### Saved entries:
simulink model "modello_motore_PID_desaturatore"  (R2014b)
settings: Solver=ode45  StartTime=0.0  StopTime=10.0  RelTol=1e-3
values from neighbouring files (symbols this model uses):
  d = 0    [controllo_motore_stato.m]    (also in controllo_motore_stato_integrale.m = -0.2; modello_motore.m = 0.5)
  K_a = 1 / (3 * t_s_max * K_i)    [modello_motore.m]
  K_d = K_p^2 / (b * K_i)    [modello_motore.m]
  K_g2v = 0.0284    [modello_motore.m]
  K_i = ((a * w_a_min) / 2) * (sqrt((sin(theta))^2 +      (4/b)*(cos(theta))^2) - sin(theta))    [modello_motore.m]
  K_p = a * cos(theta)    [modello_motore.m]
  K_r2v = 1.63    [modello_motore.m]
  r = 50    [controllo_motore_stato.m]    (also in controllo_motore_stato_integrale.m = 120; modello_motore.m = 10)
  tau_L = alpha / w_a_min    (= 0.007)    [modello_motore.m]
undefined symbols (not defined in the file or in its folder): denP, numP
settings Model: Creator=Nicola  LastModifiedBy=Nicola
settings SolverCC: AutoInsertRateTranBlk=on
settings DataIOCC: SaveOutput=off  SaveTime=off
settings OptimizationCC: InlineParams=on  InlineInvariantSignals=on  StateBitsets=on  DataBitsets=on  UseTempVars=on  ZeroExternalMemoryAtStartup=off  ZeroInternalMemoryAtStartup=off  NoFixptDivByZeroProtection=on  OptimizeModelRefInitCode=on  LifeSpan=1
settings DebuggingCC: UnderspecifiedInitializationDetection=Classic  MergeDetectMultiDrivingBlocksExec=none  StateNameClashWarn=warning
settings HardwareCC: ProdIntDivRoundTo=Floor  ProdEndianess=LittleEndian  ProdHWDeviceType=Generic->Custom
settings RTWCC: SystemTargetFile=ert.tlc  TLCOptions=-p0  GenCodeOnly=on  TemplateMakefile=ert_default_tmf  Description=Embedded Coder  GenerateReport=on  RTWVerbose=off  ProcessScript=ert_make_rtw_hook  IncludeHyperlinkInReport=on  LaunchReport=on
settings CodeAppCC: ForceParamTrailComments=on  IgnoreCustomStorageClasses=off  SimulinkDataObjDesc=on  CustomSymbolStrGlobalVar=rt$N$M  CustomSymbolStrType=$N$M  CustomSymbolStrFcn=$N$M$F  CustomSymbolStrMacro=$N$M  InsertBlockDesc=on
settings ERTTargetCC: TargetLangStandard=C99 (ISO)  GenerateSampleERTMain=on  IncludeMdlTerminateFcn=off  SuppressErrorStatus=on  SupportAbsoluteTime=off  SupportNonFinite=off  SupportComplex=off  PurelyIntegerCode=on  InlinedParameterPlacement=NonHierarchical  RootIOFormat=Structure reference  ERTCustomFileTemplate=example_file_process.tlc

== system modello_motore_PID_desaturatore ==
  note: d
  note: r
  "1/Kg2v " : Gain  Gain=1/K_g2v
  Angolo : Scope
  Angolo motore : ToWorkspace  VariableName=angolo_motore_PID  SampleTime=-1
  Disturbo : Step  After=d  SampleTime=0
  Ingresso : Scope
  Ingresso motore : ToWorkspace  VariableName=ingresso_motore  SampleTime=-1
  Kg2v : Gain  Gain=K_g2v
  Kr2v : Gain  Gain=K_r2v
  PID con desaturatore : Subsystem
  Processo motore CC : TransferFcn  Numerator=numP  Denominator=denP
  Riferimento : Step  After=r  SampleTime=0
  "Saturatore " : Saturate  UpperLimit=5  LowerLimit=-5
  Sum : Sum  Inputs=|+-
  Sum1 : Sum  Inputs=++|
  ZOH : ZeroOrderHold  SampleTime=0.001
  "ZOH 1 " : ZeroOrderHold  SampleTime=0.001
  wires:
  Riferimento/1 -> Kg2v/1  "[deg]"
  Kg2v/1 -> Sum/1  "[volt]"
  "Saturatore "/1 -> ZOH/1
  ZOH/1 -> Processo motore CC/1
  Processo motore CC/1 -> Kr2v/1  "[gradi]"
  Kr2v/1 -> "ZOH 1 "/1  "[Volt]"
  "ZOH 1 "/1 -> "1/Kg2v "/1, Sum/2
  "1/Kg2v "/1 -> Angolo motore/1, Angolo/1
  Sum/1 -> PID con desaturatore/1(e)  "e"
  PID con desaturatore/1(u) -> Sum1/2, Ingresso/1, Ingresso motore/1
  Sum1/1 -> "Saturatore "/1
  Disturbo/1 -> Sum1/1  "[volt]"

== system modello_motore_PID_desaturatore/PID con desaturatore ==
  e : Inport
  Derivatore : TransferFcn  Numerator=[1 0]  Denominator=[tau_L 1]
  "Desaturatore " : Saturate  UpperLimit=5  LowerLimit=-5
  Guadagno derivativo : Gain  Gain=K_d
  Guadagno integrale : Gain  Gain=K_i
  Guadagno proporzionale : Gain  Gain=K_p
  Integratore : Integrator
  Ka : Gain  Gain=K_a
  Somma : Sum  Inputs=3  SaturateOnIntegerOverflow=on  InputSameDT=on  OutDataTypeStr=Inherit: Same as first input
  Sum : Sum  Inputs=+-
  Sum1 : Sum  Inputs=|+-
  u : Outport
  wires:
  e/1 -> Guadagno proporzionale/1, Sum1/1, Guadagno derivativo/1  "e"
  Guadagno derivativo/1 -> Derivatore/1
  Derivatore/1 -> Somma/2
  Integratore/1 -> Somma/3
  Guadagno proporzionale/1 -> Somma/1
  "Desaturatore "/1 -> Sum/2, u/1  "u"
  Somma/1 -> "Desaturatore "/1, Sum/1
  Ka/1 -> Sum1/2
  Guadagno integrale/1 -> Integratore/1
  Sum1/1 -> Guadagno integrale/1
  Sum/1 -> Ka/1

### PROBLEM TO SOLVE:
Your answer should be the exact lines above from the one with "values from neighbouring" through the one with "settings DataIOCC: SaveOutput=off", both included, and nothing besides.

### SOLUTION TO THIS EXERCISE:
values from neighbouring files (symbols this model uses):
  d = 0    [controllo_motore_stato.m]    (also in controllo_motore_stato_integrale.m = -0.2; modello_motore.m = 0.5)
  K_a = 1 / (3 * t_s_max * K_i)    [modello_motore.m]
  K_d = K_p^2 / (b * K_i)    [modello_motore.m]
  K_g2v = 0.0284    [modello_motore.m]
  K_i = ((a * w_a_min) / 2) * (sqrt((sin(theta))^2 +      (4/b)*(cos(theta))^2) - sin(theta))    [modello_motore.m]
  K_p = a * cos(theta)    [modello_motore.m]
  K_r2v = 1.63    [modello_motore.m]
  r = 50    [controllo_motore_stato.m]    (also in controllo_motore_stato_integrale.m = 120; modello_motore.m = 10)
  tau_L = alpha / w_a_min    (= 0.007)    [modello_motore.m]
undefined symbols (not defined in the file or in its folder): denP, numP
settings Model: Creator=Nicola  LastModifiedBy=Nicola
settings SolverCC: AutoInsertRateTranBlk=on
settings DataIOCC: SaveOutput=off  SaveTime=off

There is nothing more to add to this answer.